With that in place we can find the first value of delay where we cross the road without a collision:

for(let delay = 0; ; delay++) {
    if (!wasCaught(firewall,delay)) return delay;
}

And that works fine, but I thought it would be nice to enhance my utilities library with a couple more methods that can make my solution a bit more functional. First, I updated my range function to make the count parameter optional. This means I can generate an unending sequence of incrementing numbers:

function* range(start, count) {
    for (let n = 0; typeof(count) === 'undefined' || n < count; n++) {
        yield start++;
    }
}

And I also created a first function, returning the first element in a sequence with an optional predicate:

function first(seq, predicate) {
    if (typeof(predicate) === 'undefined') 
        return seq[Symbol.iterator]().next().value
    for(let el of seq) {
        if (predicate(el)) return el;
    }
}

This means that the solution to part 2 becomes:

first(range(0),d => !wasCaught(firewall,d))

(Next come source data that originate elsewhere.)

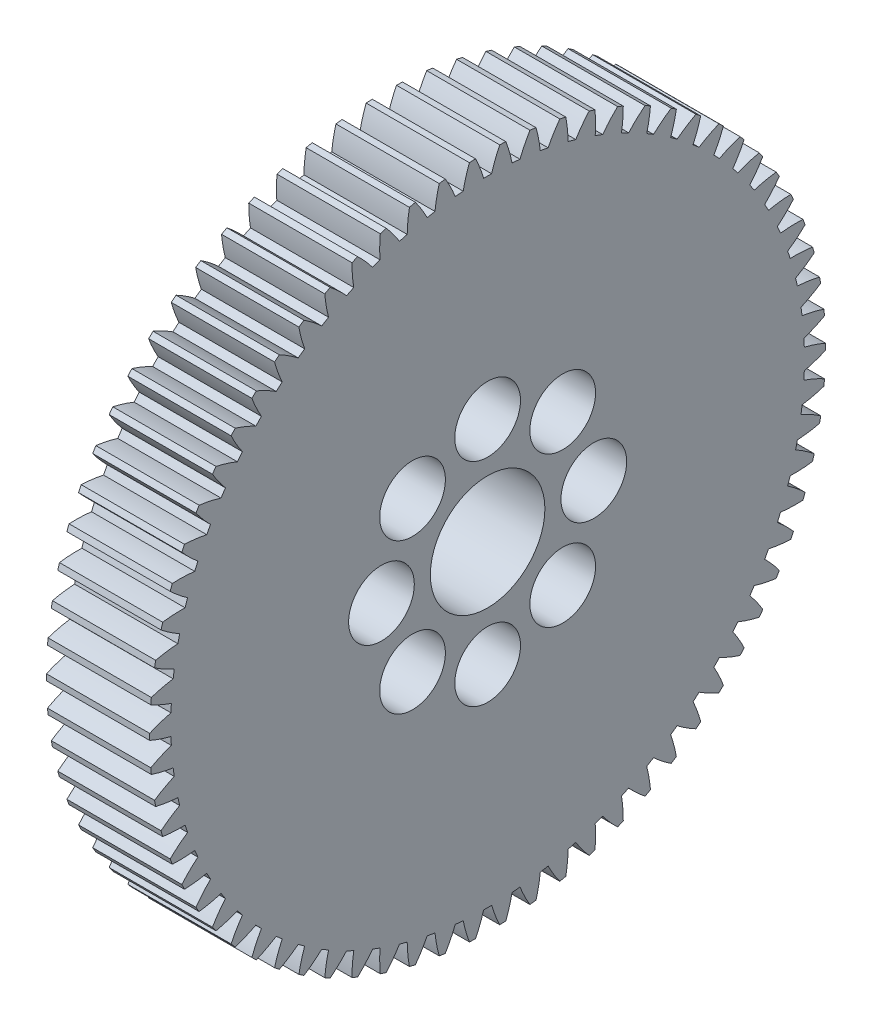
SolidWorks part; units mm, degrees
ref_plane "正面" through (0, 0, 0) normal (0, 0, 1) x (1, 0, 0)
ref_plane "平面" through (0, 0, 0) normal (0, 1, 0) x (1, 0, 0)
ref_plane "右側面" through (0, 0, 0) normal (1, 0, 0) x (0, 0, -1)
ref_plane "Plane1" through (10.108, 0, 0) normal (1, 0, 0) x (0, 0, -1)
sketch "Sketch1" plane through (10.108, 0, 0) normal (1, 0, 0) x (0, 0, -1)
  circle A0 centre (0, -2.0042) radius 4
  arc A1 (-32.5754, 13.3205) -> (-30.8638, 11.6495) centre (-21.9753, 22.466) ccw
  arc A2 (-30.8638, 11.6495) -> (-31.1976, 10.8685) centre (0, -2.0042) ccw
  arc A3 (-31.1976, 10.8685) -> (-33.5882, 10.9508) centre (-32.8732, -3.0309) ccw
  arc A4 (-33.5882, 10.9508) -> (-33.8179, 10.3388) centre (0, -2.0042) ccw
  arc A5 (-33.8179, 10.3388) -> (-31.9634, 8.8279) centre (-24.0803, 20.3976) ccw
  arc A6 (-31.9634, 8.8279) -> (-32.2259, 8.0201) centre (0, -2.0042) ccw
  arc A7 (-32.2259, 8.0201) -> (-34.6143, 7.8879) centre (-32.6488, -5.9735) ccw
  arc A8 (-34.6143, 7.8879) -> (-34.7882, 7.2577) centre (0, -2.0042) ccw
  arc A9 (-34.7882, 7.2577) -> (-32.8057, 5.9191) centre (-25.9915, 18.1489) ccw
  arc A10 (-32.8057, 5.9191) -> (-32.9947, 5.0911) centre (0, -2.0042) ccw
  arc A11 (-32.9947, 5.0911) -> (-35.3616, 4.7452) centre (-32.1616, -8.8841) ccw
  arc A12 (-35.3616, 4.7452) -> (-35.4784, 4.102) centre (0, -2.0042) ccw
  arc A13 (-35.4784, 4.102) -> (-33.3839, 2.9466) centre (-27.6934, 15.7379) ccw
  arc A14 (-33.3839, 2.9466) -> (-33.4979, 2.1049) centre (0, -2.0042) ccw
  arc A15 (-33.4979, 2.1049) -> (-35.8243, 1.5483) centre (-31.4154, -11.7394) ccw
  arc A16 (-35.8243, 1.5483) -> (-35.8829, 0.8972) centre (0, -2.0042) ccw
  arc A17 (-35.8829, 0.8972) -> (-33.6933, -0.0659) centre (-29.1723, 13.184) ccw
  arc A18 (-33.6933, -0.0659) -> (-33.7314, -0.9144) centre (0, -2.0042) ccw
  arc A19 (-33.7314, -0.9144) -> (-35.9985, -1.6773) centre (-30.4163, -14.5162) ccw
  arc A20 (-35.9985, -1.6773) -> (-35.9985, -2.331) centre (0, -2.0042) ccw
  arc A21 (-35.9985, -2.331) -> (-33.7314, -3.0939) centre (-30.4163, 10.5079) ccw
  arc A22 (-33.7314, -3.0939) -> (-33.6933, -3.9425) centre (0, -2.0042) ccw
  arc A23 (-33.6933, -3.9425) -> (-35.8829, -4.9055) centre (-29.1723, -17.1924) ccw
  arc A24 (-35.8829, -4.9055) -> (-35.8243, -5.5566) centre (0, -2.0042) ccw
  arc A25 (-35.8243, -5.5566) -> (-33.4979, -6.1132) centre (-31.4154, 7.7311) ccw
  arc A26 (-33.4979, -6.1132) -> (-33.3839, -6.9549) centre (0, -2.0042) ccw
  arc A27 (-33.3839, -6.9549) -> (-35.4784, -8.1103) centre (-27.6934, -19.7462) ccw
  arc A28 (-35.4784, -8.1103) -> (-35.3616, -8.7536) centre (0, -2.0042) ccw
  arc A29 (-35.3616, -8.7536) -> (-32.9947, -9.0994) centre (-32.1616, 4.8758) ccw
  arc A30 (-32.9947, -9.0994) -> (-32.8057, -9.9275) centre (0, -2.0042) ccw
  arc A31 (-32.8057, -9.9275) -> (-34.7882, -11.266) centre (-25.9915, -22.1572) ccw
  arc A32 (-34.7882, -11.266) -> (-34.6143, -11.8962) centre (0, -2.0042) ccw
  arc A33 (-34.6143, -11.8962) -> (-32.2259, -12.0284) centre (-32.6488, 1.9652) ccw
  arc A34 (-32.2259, -12.0284) -> (-31.9634, -12.8363) centre (0, -2.0042) ccw
  arc A35 (-31.9634, -12.8363) -> (-33.8179, -14.3471) centre (-24.0803, -24.4059) ccw
  arc A36 (-33.8179, -14.3471) -> (-33.5882, -14.9592) centre (0, -2.0042) ccw
  arc A37 (-33.5882, -14.9592) -> (-31.1976, -14.8768) centre (-32.8732, -0.9774) ccw
  arc A38 (-31.1976, -14.8768) -> (-30.8638, -15.6578) centre (0, -2.0042) ccw
  arc A39 (-30.8638, -15.6578) -> (-32.5754, -17.3288) centre (-21.9753, -26.4743) ccw
  arc A40 (-32.5754, -17.3288) -> (-32.2917, -17.9178) centre (0, -2.0042) ccw
  arc A41 (-32.2917, -17.9178) -> (-29.9181, -17.6215) centre (-32.8329, -3.9283) ccw
  arc A42 (-29.9181, -17.6215) -> (-29.5156, -18.3695) centre (0, -2.0042) ccw
  arc A43 (-29.5156, -18.3695) -> (-31.0705, -20.1872) centre (-19.6934, -28.3456) ccw
  arc A44 (-31.0705, -20.1872) -> (-30.7352, -20.7484) centre (0, -2.0042) ccw
  arc A45 (-30.7352, -20.7484) -> (-28.3977, -20.2405) centre (-32.5283, -6.8637) ccw
  arc A46 (-28.3977, -20.2405) -> (-27.9298, -20.9494) centre (0, -2.0042) ccw
  arc A47 (-27.9298, -20.9494) -> (-29.3155, -22.8991) centre (-17.2529, -30.0049) ccw
  arc A48 (-29.3155, -22.8991) -> (-28.9313, -23.428) centre (0, -2.0042) ccw
  arc A49 (-28.9313, -23.428) -> (-26.6487, -22.7126) centre (-31.9617, -9.7599) ccw
  arc A50 (-26.6487, -22.7126) -> (-26.1191, -23.3767) centre (0, -2.0042) ccw
  arc A51 (-26.1191, -23.3767) -> (-27.3245, -25.4428) centre (-14.6734, -31.4387) ccw
  arc A52 (-27.3245, -25.4428) -> (-26.8944, -25.9351) centre (0, -2.0042) ccw
  arc A53 (-26.8944, -25.9351) -> (-24.6852, -25.018) centre (-31.1378, -12.5937) ccw
  arc A54 (-24.6852, -25.018) -> (-24.0982, -25.632) centre (0, -2.0042) ccw
  arc A55 (-24.0982, -25.632) -> (-25.1135, -27.7978) centre (-11.9759, -32.6355) ccw
  arc A56 (-25.1135, -27.7978) -> (-24.641, -28.2496) centre (0, -2.0042) ccw
  arc A57 (-24.641, -28.2496) -> (-22.5228, -27.1381) centre (-30.0632, -15.3423) ccw
  arc A58 (-22.5228, -27.1381) -> (-21.8832, -27.697) centre (0, -2.0042) ccw
  arc A59 (-21.8832, -27.697) -> (-22.7003, -29.9451) centre (-9.1819, -33.5857) ccw
  arc A60 (-22.7003, -29.9451) -> (-22.1892, -30.3527) centre (0, -2.0042) ccw
  arc A61 (-22.1892, -30.3527) -> (-20.1792, -29.0559) centre (-28.7466, -17.9834) ccw
  arc A62 (-20.1792, -29.0559) -> (-19.492, -29.5551) centre (0, -2.0042) ccw
  arc A63 (-19.492, -29.5551) -> (-20.1043, -31.8675) centre (-6.314, -34.2816) ccw
  arc A64 (-20.1043, -31.8675) -> (-19.5587, -32.2276) centre (0, -2.0042) ccw
  arc A65 (-19.5587, -32.2276) -> (-17.673, -30.7558) centre (-27.1985, -20.4959) ccw
  arc A66 (-17.673, -30.7558) -> (-16.9439, -31.1915) centre (0, -2.0042) ccw
  arc A67 (-16.9439, -31.1915) -> (-17.3464, -33.5494) centre (-3.3952, -34.7177) ccw
  arc A68 (-17.3464, -33.5494) -> (-16.7707, -33.8592) centre (0, -2.0042) ccw
  arc A69 (-16.7707, -33.8592) -> (-15.0246, -32.2243) centre (-25.4314, -22.8595) ccw
  arc A70 (-15.0246, -32.2243) -> (-14.2593, -32.5928) centre (0, -2.0042) ccw
  arc A71 (-14.2593, -32.5928) -> (-14.4489, -34.9773) centre (-0.4492, -34.8903) ccw
  arc A72 (-14.4489, -34.9773) -> (-13.8478, -35.2343) centre (0, -2.0042) ccw
  arc A73 (-13.8478, -35.2343) -> (-12.2552, -33.4494) centre (-23.4596, -25.0552) ccw
  arc A74 (-12.2552, -33.4494) -> (-11.46, -33.7479) centre (0, -2.0042) ccw
  arc A75 (-11.46, -33.7479) -> (-11.435, -36.1398) centre (2.5006, -34.7982) ccw
  arc A76 (-11.435, -36.1398) -> (-10.8133, -36.3418) centre (0, -2.0042) ccw
  arc A77 (-10.8133, -36.3418) -> (-9.3872, -34.4214) centre (-21.2988, -27.0653) ccw
  arc A78 (-9.3872, -34.4214) -> (-8.5684, -34.6474) centre (0, -2.0042) ccw
  arc A79 (-8.5684, -34.6474) -> (-8.3291, -37.0274) centre (5.4301, -34.442) ccw
  arc A80 (-8.3291, -37.0274) -> (-7.6918, -37.1729) centre (0, -2.0042) ccw
  arc A81 (-7.6918, -37.1729) -> (-6.4435, -35.1323) centre (-18.9666, -28.8736) ccw
  arc A82 (-6.4435, -35.1323) -> (-5.6078, -35.284) centre (0, -2.0042) ccw
  arc A83 (-5.6078, -35.284) -> (-5.1561, -37.633) centre (8.316, -33.8247) ccw
  arc A84 (-5.1561, -37.633) -> (-4.5083, -37.7208) centre (0, -2.0042) ccw
  arc A85 (-4.5083, -37.7208) -> (-3.448, -35.5766) centre (-16.4817, -30.4656) ccw
  arc A86 (-3.448, -35.5766) -> (-2.602, -35.6527) centre (0, -2.0042) ccw
  arc A87 (-2.602, -35.6527) -> (-1.9416, -37.9518) centre (11.1349, -32.9512) ccw
  arc A88 (-1.9416, -37.9518) -> (-1.2885, -37.9811) centre (0, -2.0042) ccw
  arc A89 (-1.2885, -37.9811) -> (-0.4247, -35.7505) centre (-13.8641, -31.8285) ccw
  arc A90 (-0.4247, -35.7505) -> (0.4247, -35.7505) centre (0, -2.0042) ccw
  arc A91 (0.4247, -35.7505) -> (1.2885, -37.9811) centre (13.8641, -31.8285) ccw
  arc A92 (1.2885, -37.9811) -> (1.9416, -37.9518) centre (0, -2.0042) ccw
  arc A93 (1.9416, -37.9518) -> (2.602, -35.6527) centre (-11.1349, -32.9512) ccw
  arc A94 (2.602, -35.6527) -> (3.448, -35.5766) centre (0, -2.0042) ccw
  arc A95 (3.448, -35.5766) -> (4.5083, -37.7208) centre (16.4817, -30.4656) ccw
  arc A96 (4.5083, -37.7208) -> (5.1561, -37.633) centre (0, -2.0042) ccw
  arc A97 (5.1561, -37.633) -> (5.6078, -35.284) centre (-8.316, -33.8247) ccw
  arc A98 (5.6078, -35.284) -> (6.4435, -35.1323) centre (0, -2.0042) ccw
  arc A99 (6.4435, -35.1323) -> (7.6918, -37.1729) centre (18.9666, -28.8736) ccw
  arc A100 (7.6918, -37.1729) -> (8.3291, -37.0274) centre (0, -2.0042) ccw
  arc A101 (8.3291, -37.0274) -> (8.5684, -34.6474) centre (-5.4301, -34.442) ccw
  arc A102 (8.5684, -34.6474) -> (9.3872, -34.4214) centre (0, -2.0042) ccw
  arc A103 (9.3872, -34.4214) -> (10.8133, -36.3418) centre (21.2988, -27.0653) ccw
  arc A104 (10.8133, -36.3418) -> (11.435, -36.1398) centre (0, -2.0042) ccw
  arc A105 (11.435, -36.1398) -> (11.46, -33.7479) centre (-2.5006, -34.7982) ccw
  arc A106 (11.46, -33.7479) -> (12.2552, -33.4494) centre (0, -2.0042) ccw
  arc A107 (12.2552, -33.4494) -> (13.8478, -35.2343) centre (23.4596, -25.0552) ccw
  arc A108 (13.8478, -35.2343) -> (14.4489, -34.9773) centre (0, -2.0042) ccw
  arc A109 (14.4489, -34.9773) -> (14.2593, -32.5928) centre (0.4492, -34.8903) ccw
  arc A110 (14.2593, -32.5928) -> (15.0246, -32.2243) centre (0, -2.0042) ccw
  arc A111 (15.0246, -32.2243) -> (16.7707, -33.8592) centre (25.4314, -22.8595) ccw
  arc A112 (16.7707, -33.8592) -> (17.3464, -33.5494) centre (0, -2.0042) ccw
  arc A113 (17.3464, -33.5494) -> (16.9439, -31.1915) centre (3.3952, -34.7177) ccw
  arc A114 (16.9439, -31.1915) -> (17.673, -30.7558) centre (0, -2.0042) ccw
  arc A115 (17.673, -30.7558) -> (19.5587, -32.2276) centre (27.1985, -20.4959) ccw
  arc A116 (19.5587, -32.2276) -> (20.1043, -31.8675) centre (0, -2.0042) ccw
  arc A117 (20.1043, -31.8675) -> (19.492, -29.5551) centre (6.314, -34.2816) ccw
  arc A118 (19.492, -29.5551) -> (20.1792, -29.0559) centre (0, -2.0042) ccw
  arc A119 (20.1792, -29.0559) -> (22.1892, -30.3527) centre (28.7466, -17.9834) ccw
  arc A120 (22.1892, -30.3527) -> (22.7003, -29.9451) centre (0, -2.0042) ccw
  arc A121 (22.7003, -29.9451) -> (21.8832, -27.697) centre (9.1819, -33.5857) ccw
  arc A122 (21.8832, -27.697) -> (22.5228, -27.1381) centre (0, -2.0042) ccw
  arc A123 (22.5228, -27.1381) -> (24.641, -28.2496) centre (30.0632, -15.3423) ccw
  arc A124 (24.641, -28.2496) -> (25.1135, -27.7978) centre (0, -2.0042) ccw
  arc A125 (25.1135, -27.7978) -> (24.0982, -25.632) centre (11.9759, -32.6355) ccw
  arc A126 (24.0982, -25.632) -> (24.6852, -25.018) centre (0, -2.0042) ccw
  arc A127 (24.6852, -25.018) -> (26.8944, -25.9351) centre (31.1378, -12.5937) ccw
  arc A128 (26.8944, -25.9351) -> (27.3245, -25.4428) centre (0, -2.0042) ccw
  arc A129 (27.3245, -25.4428) -> (26.1191, -23.3767) centre (14.6734, -31.4387) ccw
  arc A130 (26.1191, -23.3767) -> (26.6487, -22.7126) centre (0, -2.0042) ccw
  arc A131 (26.6487, -22.7126) -> (28.9313, -23.428) centre (31.9617, -9.7599) ccw
  arc A132 (28.9313, -23.428) -> (29.3155, -22.8991) centre (0, -2.0042) ccw
  arc A133 (29.3155, -22.8991) -> (27.9298, -20.9494) centre (17.2529, -30.0049) ccw
  arc A134 (27.9298, -20.9494) -> (28.3977, -20.2405) centre (0, -2.0042) ccw
  arc A135 (28.3977, -20.2405) -> (30.7352, -20.7484) centre (32.5283, -6.8637) ccw
  arc A136 (30.7352, -20.7484) -> (31.0705, -20.1872) centre (0, -2.0042) ccw
  arc A137 (31.0705, -20.1872) -> (29.5156, -18.3695) centre (19.6934, -28.3456) ccw
  arc A138 (29.5156, -18.3695) -> (29.9181, -17.6215) centre (0, -2.0042) ccw
  arc A139 (29.9181, -17.6215) -> (32.2917, -17.9178) centre (32.8329, -3.9283) ccw
  arc A140 (32.2917, -17.9178) -> (32.5754, -17.3288) centre (0, -2.0042) ccw
  arc A141 (32.5754, -17.3288) -> (30.8638, -15.6578) centre (21.9753, -26.4743) ccw
  arc A142 (30.8638, -15.6578) -> (31.1976, -14.8768) centre (0, -2.0042) ccw
  arc A143 (31.1976, -14.8768) -> (33.5882, -14.9592) centre (32.8732, -0.9774) ccw
  arc A144 (33.5882, -14.9592) -> (33.8179, -14.3471) centre (0, -2.0042) ccw
  arc A145 (33.8179, -14.3471) -> (31.9634, -12.8363) centre (24.0803, -24.4059) ccw
  arc A146 (31.9634, -12.8363) -> (32.2259, -12.0284) centre (0, -2.0042) ccw
  arc A147 (32.2259, -12.0284) -> (34.6143, -11.8962) centre (32.6488, 1.9652) ccw
  arc A148 (34.6143, -11.8962) -> (34.7882, -11.266) centre (0, -2.0042) ccw
  arc A149 (34.7882, -11.266) -> (32.8057, -9.9275) centre (25.9915, -22.1572) ccw
  arc A150 (32.8057, -9.9275) -> (32.9947, -9.0994) centre (0, -2.0042) ccw
  arc A151 (32.9947, -9.0994) -> (35.3616, -8.7536) centre (32.1616, 4.8758) ccw
  arc A152 (35.3616, -8.7536) -> (35.4784, -8.1103) centre (0, -2.0042) ccw
  arc A153 (35.4784, -8.1103) -> (33.3839, -6.9549) centre (27.6934, -19.7462) ccw
  arc A154 (33.3839, -6.9549) -> (33.4979, -6.1132) centre (0, -2.0042) ccw
  arc A155 (33.4979, -6.1132) -> (35.8243, -5.5566) centre (31.4154, 7.7311) ccw
  arc A156 (35.8243, -5.5566) -> (35.8829, -4.9055) centre (0, -2.0042) ccw
  arc A157 (35.8829, -4.9055) -> (33.6933, -3.9425) centre (29.1723, -17.1924) ccw
  arc A158 (33.6933, -3.9425) -> (33.7314, -3.0939) centre (0, -2.0042) ccw
  arc A159 (33.7314, -3.0939) -> (35.9985, -2.331) centre (30.4163, 10.5079) ccw
  arc A160 (35.9985, -2.331) -> (35.9985, -1.6773) centre (0, -2.0042) ccw
  arc A161 (35.9985, -1.6773) -> (33.7314, -0.9144) centre (30.4163, -14.5162) ccw
  arc A162 (33.7314, -0.9144) -> (33.6933, -0.0659) centre (0, -2.0042) ccw
  arc A163 (33.6933, -0.0659) -> (35.8829, 0.8972) centre (29.1723, 13.184) ccw
  arc A164 (35.8829, 0.8972) -> (35.8243, 1.5483) centre (0, -2.0042) ccw
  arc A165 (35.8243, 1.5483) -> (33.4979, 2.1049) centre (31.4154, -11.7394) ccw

Slowly, my utils module is picking up all the handy sequence manipulation utilities I’m used to using with LINQ or the F# seq module. Of course I know there are already plenty of JavaScript libraries with similar functionality, but the advantage of making my own is that they are named and work the way that makes sense to me, and I’m learning along the way. The downside of making my own is that mine won’t be performance optimised and are somewhat idiosyncratic.

My plan is that once I’ve finished these challenges I’ll explore some JavaScript iterable helper libraries (e.g. lodash or ramda) and see if any would work as a replacement for my own methods. Feel free to let me know in the comments which library you recommend.